Assuming the 90 days horizon IAnthus Capital is expected to generate 31.02 times less return on investment than For Earth. But when comparing it to its historical volatility, iAnthus Capital Holdings is 5.33 times less risky than For Earth. It trades about 0.01 of its potential returns per unit of risk. For The Earth is currently generating about 0.05 of returns per unit of risk over similar time horizon. If you would invest  0.01  in For The Earth on October 27, 2024 and sell it today you would earn a total of  0.00  from holding For The Earth or generate 0.0% return on investment over 90 days.
Time Period3 Months [change]
DirectionMoves Against 
StrengthInsignificant
Accuracy100.0%
ValuesDaily Returns

iAnthus Capital Holdings  vs.  For The Earth

 Performance 
       Timeline  
iAnthus Capital Holdings 

Risk-Adjusted Performance

2 of 100

 
Weak
 
Strong
Weak
Compared to the overall equity markets, risk-adjusted returns on investments in iAnthus Capital Holdings are ranked lower than 2 (%) of all global equities and portfolios over the last 90 days. Despite nearly fragile basic indicators, IAnthus Capital reported solid returns over the last few months and may actually be approaching a breakup point.
For The Earth 

Risk-Adjusted Performance

0 of 100

 
Weak
 
Strong
Very Weak
Over the last 90 days For The Earth has generated negative risk-adjusted returns adding no value to investors with long positions. Despite nearly stable technical and fundamental indicators, For Earth is not utilizing all of its potentials. The current stock price disturbance, may contribute to mid-run losses for the stockholders.

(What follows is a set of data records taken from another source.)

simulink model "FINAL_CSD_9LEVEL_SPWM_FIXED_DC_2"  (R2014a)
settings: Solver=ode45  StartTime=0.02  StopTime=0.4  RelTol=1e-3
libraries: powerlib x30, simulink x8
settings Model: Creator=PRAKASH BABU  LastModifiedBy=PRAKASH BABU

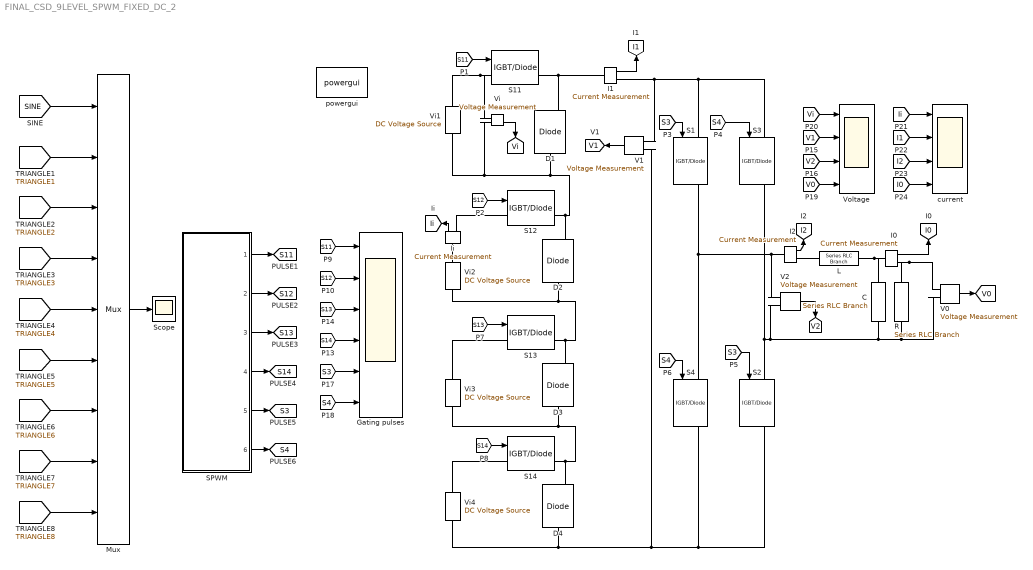
== system FINAL_CSD_9LEVEL_SPWM_FIXED_DC_2 ==
  C : powerlib/Elements/Series RLC Branch  LConnTagsString=__new0  RConnTagsString=__new0  BranchType=C  Resistance=1  Inductance=0.1  SetiL0=off  InitialCurrent=0  Capacitance=7e-6  Setx0=off  InitialVoltage=0  Measurements=None
  D{1..4} (4 alike) : powerlib/Power Electronics/Diode  Ron=0.001  Lon=0  Vf=0.8  IC=0  UseSnubber=off  Rs=500  Cs=250e-9  Measurements=on
  Gating pulses : Scope  NumInputPorts=6
      settings: YMin=-5~-5~-5~-5~-5~-5  YMax=5~5~5~5~5~5  SaveName=gate
  I0 : powerlib/Measurements/Current Measurement  PhasorSimulation=off  OutputType=Complex  PSBequivalent=0
  I1 : powerlib/Measurements/Current Measurement  PhasorSimulation=off  OutputType=Complex  PSBequivalent=0
  I2 : powerlib/Measurements/Current Measurement  PhasorSimulation=off  OutputType=Complex  PSBequivalent=0
  Ii : powerlib/Measurements/Current Measurement  PhasorSimulation=off  OutputType=Complex  PSBequivalent=0
  L : powerlib/Elements/Series RLC Branch  LConnTagsString=__new0  RConnTagsString=__new0  BranchType=L  Resistance=1  Inductance=61e-3  SetiL0=off  InitialCurrent=0  Capacitance=1e-6  Setx0=off  InitialVoltage=0  Measurements=None
  Mux : Mux  Inputs=9
  R : powerlib/Elements/Series RLC Branch  LConnTagsString=__new0  RConnTagsString=__new0  BranchType=R  Resistance=90  Inductance=20e-6  SetiL0=off  InitialCurrent=0  Capacitance=1e-6  Setx0=off  InitialVoltage=0  Measurements=None
  S{1..4,11..14} (8 alike) : powerlib/Power Electronics/IGBT//Diode  Ron=1e-3  Rs=1e5  Cs=inf  Measurements=on
  SPWM : Subsystem
  Scope : Scope
      settings: TickLabels=on  SaveName=sine
  V0 : powerlib/Measurements/Voltage Measurement  PhasorSimulation=off  OutputType=Complex  PSBequivalent=0
  V1 : powerlib/Measurements/Voltage Measurement  PhasorSimulation=off  OutputType=Complex  PSBequivalent=0
  V2 : powerlib/Measurements/Voltage Measurement  PhasorSimulation=off  OutputType=Complex  PSBequivalent=0
  Vi : powerlib/Measurements/Voltage Measurement  PhasorSimulation=off  OutputType=Complex  PSBequivalent=0
  Vi1 : powerlib/Electrical Sources/DC Voltage Source  Amplitude=57.5  Measurements=None
  Vi2 : powerlib/Electrical Sources/DC Voltage Source  Amplitude=57.5  Measurements=None
  Vi3 : powerlib/Electrical Sources/DC Voltage Source  Amplitude=57.5  Measurements=None
  Vi4 : powerlib/Electrical Sources/DC Voltage Source  Amplitude=57.4  Measurements=None
  Voltage : Scope  NumInputPorts=4
      settings: TimeRange=0.08  YMin=57.25~0~-400~-400  YMax=57.5~250~400~400  SaveName=voltage
  current : Scope  NumInputPorts=4
      settings: YMin=0~-5~-230~-5  YMax=70~5~230~5  SaveName=current
  powergui : powerlib/powergui  Priority=1  SimulationMode=Discrete  SolverType=Tustin  SampleTime=50e-6  frequency=60  SPID=off  DisableSnubberDevices=off  DisableRonSwitches=off  DisableVfSwitches=off  SwTol=0  Interpol=off  DisplayEquations=off  Ts=0  methode=off  frequencyindice=0  Pbase=100e6  ErrMax=1e-4  Iterations=50  UnitsV=kV  UnitsW=MW  FunctionMessages=off  echomessages=off  HookPort=off  EnableUseOfTLC=off  x0status=blocks  RestoreLinks=warning  ResistiveCurrentMeasurement=off  Frange=[0:2:500]  Ylog=off  Xlog=on  ShowGrid=off  save=off  variable=ZData  structure=Voltage1  ZoomFFT=off  StartTime=0.04  cycles=1  DisplayStyle=1  fundamental=50  FreqAxis=off  MaxFrequency=1000  frequencyindicesteady=1  RmsSteady=1  display=off
  tag scope: I0=global, I1=global, I2=global, Ii=global, S11=global, S12=global, S13=global, S14=global, S3=global, S4=global, V0=global, V1=global, V2=global, Vi=global
  wires:
  V0/1 -> [V0]
  [S11] -> S11/1
  [S12] -> S12/1
  [S4] -> S3/1
  [S3] -> S1/1
  [S4] -> S4/1
  [S3] -> S2/1
  [S14] -> S14/1
  [S13] -> S13/1
  [SINE] -> Mux/1
  [TRIANGLE1] -> Mux/2
  [TRIANGLE2] -> Mux/3
  [TRIANGLE3] -> Mux/4
  [TRIANGLE4] -> Mux/5
  Mux/1 -> Scope/1
  [S12] -> Gating pulses/2
  [S13] -> Gating pulses/3
  [S14] -> Gating pulses/4
  [TRIANGLE5] -> Mux/6
  [TRIANGLE6] -> Mux/7
  [TRIANGLE7] -> Mux/8
  [TRIANGLE8] -> Mux/9
  [S3] -> Gating pulses/5
  [S4] -> Gating pulses/6
  SPWM/1(1) -> [S11]
  SPWM/2(2) -> [S12]
  SPWM/3(3) -> [S13]
  SPWM/4(4) -> [S14]
  [S11] -> Gating pulses/1
  SPWM/6(6) -> [S4]
  SPWM/5(5) -> [S3]
  V1/1 -> [V1]
  V2/1 -> [V2]
  Vi/1 -> [Vi]
  [V1] -> Voltage/2
  [V2] -> Voltage/3
  [V0] -> Voltage/4
  [Vi] -> Voltage/1
  [I0] -> current/4
  [I2] -> current/3
  [I1] -> current/2
  [Ii] -> current/1
  Ii/1 -> [Ii]
  I1/1 -> [I1]
  I2/1 -> [I2]
  I0/1 -> [I0]
  connections:
  D4/LConn1 -- Vi4/LConn1 -- S4/RConn1 -- S2/RConn1 -- V1/LConn2
  V0/LConn2 -- R/RConn1 -- V2/LConn2 -- S3/RConn1 -- S2/LConn1 -- C/RConn1
  V1/LConn1 -- I1/RConn1 -- S3/LConn1 -- S1/LConn1
  D1/LConn1 -- Vi/LConn2 -- Vi1/LConn1 -- D2/RConn1 -- S12/RConn1
  S14/RConn1 -- Vi3/LConn1 -- D3/LConn1 -- D4/RConn1
  S13/LConn1 -- Vi3/RConn1
  S14/LConn1 -- Vi4/RConn1
  D3/RConn1 -- Vi2/LConn1 -- D2/LConn1 -- S13/RConn1
  S1/RConn1 -- S4/LConn1 -- V2/LConn1 -- I2/LConn1
  C/LConn1 -- I0/LConn1 -- L/LConn1
  S11/LConn1 -- Vi1/RConn1 -- Vi/LConn1
  Vi2/RConn1 -- Ii/LConn1
  Ii/RConn1 -- S12/LConn1
  S11/RConn1 -- I1/LConn1 -- D1/RConn1
  I2/RConn1 -- L/RConn1
  R/LConn1 -- I0/RConn1 -- V0/LConn1

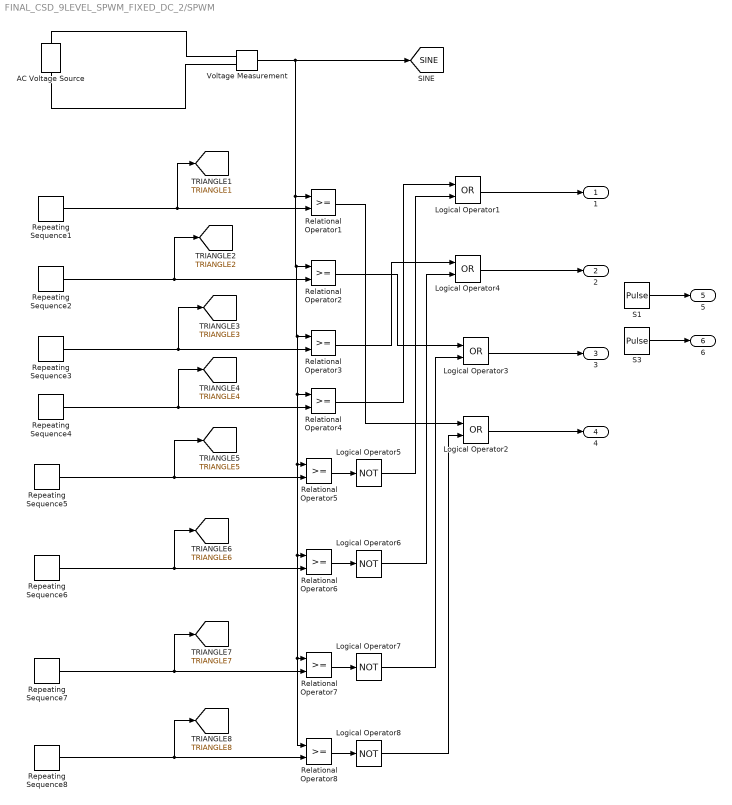
== system FINAL_CSD_9LEVEL_SPWM_FIXED_DC_2/SPWM ==
  AC Voltage Source : powerlib/Electrical Sources/AC Voltage Source  Amplitude=4  Phase=0  Frequency=50  SampleTime=0  Measurements=None
  Logical Operator{1..4} (4 alike) : Logic  Operator=OR  AllPortsSameDT=off  OutDataTypeStr=boolean
  Logical Operator{5..8} (4 alike) : Logic  Operator=NOT  AllPortsSameDT=off  OutDataTypeStr=boolean
  Relational Operator{1..8} (8 alike) : RelationalOperator  OutDataTypeStr=boolean
  Repeating Sequence1 : simulink/Sources/Repeating Sequence  rep_seq_t=[0 0.5 1]/2500  rep_seq_y=[3 4 3]
  Repeating Sequence2 : simulink/Sources/Repeating Sequence  rep_seq_t=[0 0.5 1]/2500  rep_seq_y=[2 3 2]
  Repeating Sequence3 : simulink/Sources/Repeating Sequence  rep_seq_t=[0 0.5 1]/2500  rep_seq_y=[1 2 1]
  Repeating Sequence4 : simulink/Sources/Repeating Sequence  rep_seq_t=[0 0.5 1]/2500  rep_seq_y=[0 1 0]
  Repeating Sequence5 : simulink/Sources/Repeating Sequence  rep_seq_t=[0 0.5 1]/2500  rep_seq_y=[-1 0 -1]
  Repeating Sequence6 : simulink/Sources/Repeating Sequence  rep_seq_t=[0 0.5 1]/2500  rep_seq_y=[-2 -1 -2]
  Repeating Sequence7 : simulink/Sources/Repeating Sequence  rep_seq_t=[0 0.5 1]/2500  rep_seq_y=[-3 -2 -3]
  Repeating Sequence8 : simulink/Sources/Repeating Sequence  rep_seq_t=[0 0.5 1]/2500  rep_seq_y=[-4 -3 -4]
  S1 : DiscretePulseGenerator  PulseType=Time based  Period=0.02  PulseWidth=50
  S3 : DiscretePulseGenerator  PulseType=Time based  Period=0.02  PulseWidth=50  PhaseDelay=0.01
  Voltage Measurement : powerlib/Measurements/Voltage Measurement  PhasorSimulation=off  OutputType=Complex  PSBequivalent=0
  1 : Outport
  2 : Outport  Port=2
  3 : Outport  Port=3
  4 : Outport  Port=4
  5 : Outport  Port=5
  6 : Outport  Port=6
  tag scope: SINE=global, TRIANGLE1=global, TRIANGLE2=global, TRIANGLE3=global, TRIANGLE4=global, TRIANGLE5=global, TRIANGLE6=global, TRIANGLE7=global, TRIANGLE8=global
  wires:
  Repeating Sequence2/1 -> [TRIANGLE2], Relational Operator2/2
  Voltage Measurement/1 -> Relational Operator4/1, Relational Operator6/1, Relational Operator7/1, Relational Operator8/1, Relational Operator5/1, Relational Operator3/1, Relational Operator2/1, Relational Operator1/1, [SINE]
  Repeating Sequence1/1 -> [TRIANGLE1], Relational Operator1/2
  Repeating Sequence3/1 -> [TRIANGLE3], Relational Operator3/2
  Repeating Sequence4/1 -> [TRIANGLE4], Relational Operator4/2
  Repeating Sequence5/1 -> [TRIANGLE5], Relational Operator5/2
  Logical Operator5/1 -> Logical Operator1/2
  Relational Operator6/1 -> Logical Operator6/1
  Repeating Sequence6/1 -> [TRIANGLE6], Relational Operator6/2
  Logical Operator6/1 -> Logical Operator4/2
  Relational Operator7/1 -> Logical Operator7/1
  Repeating Sequence7/1 -> [TRIANGLE7], Relational Operator7/2
  Logical Operator7/1 -> Logical Operator3/2
  Relational Operator8/1 -> Logical Operator8/1
  Repeating Sequence8/1 -> [TRIANGLE8], Relational Operator8/2
  Logical Operator8/1 -> Logical Operator2/2
  Relational Operator5/1 -> Logical Operator5/1
  Relational Operator4/1 -> Logical Operator1/1
  Relational Operator3/1 -> Logical Operator4/1
  Relational Operator2/1 -> Logical Operator3/1
  Relational Operator1/1 -> Logical Operator2/1
  Logical Operator1/1 -> 1/1
  Logical Operator3/1 -> 3/1
  Logical Operator2/1 -> 4/1
  S1/1 -> 5/1
  S3/1 -> 6/1
  Logical Operator4/1 -> 2/1
  connections:
  AC Voltage Source/LConn1 -- Voltage Measurement/LConn2
  AC Voltage Source/RConn1 -- Voltage Measurement/LConn1

IAnthus Capital and For Earth Volatility Contrast

   Predicted Return Density   
       Returns  

Pair Trading with IAnthus Capital and For Earth

The main advantage of trading using opposite IAnthus Capital and For Earth positions is that it hedges away some unsystematic risk. Because of two separate transactions, even if IAnthus Capital position performs unexpectedly, For Earth can make up some of the losses. Pair trading also minimizes risk from directional movements in the market. For example, if an entire industry or sector drops because of unexpected headlines, the short position in For Earth will offset losses from the drop in For Earth's long position.
The idea behind iAnthus Capital Holdings and For The Earth pairs trading is to make the combined position market-neutral, meaning the overall market's direction will not affect its win or loss (or potential downside or upside). This can be achieved by designing a pairs trade with two highly correlated stocks or equities that operate in a similar space or sector, making it possible to obtain profits through simple and relatively low-risk investment.
Check out your portfolio center.
Note that this page's information should be used as a complementary analysis to find the right mix of equity instruments to add to your existing portfolios or create a brand new portfolio. You can also try the Price Ceiling Movement module to calculate and plot Price Ceiling Movement for different equity instruments.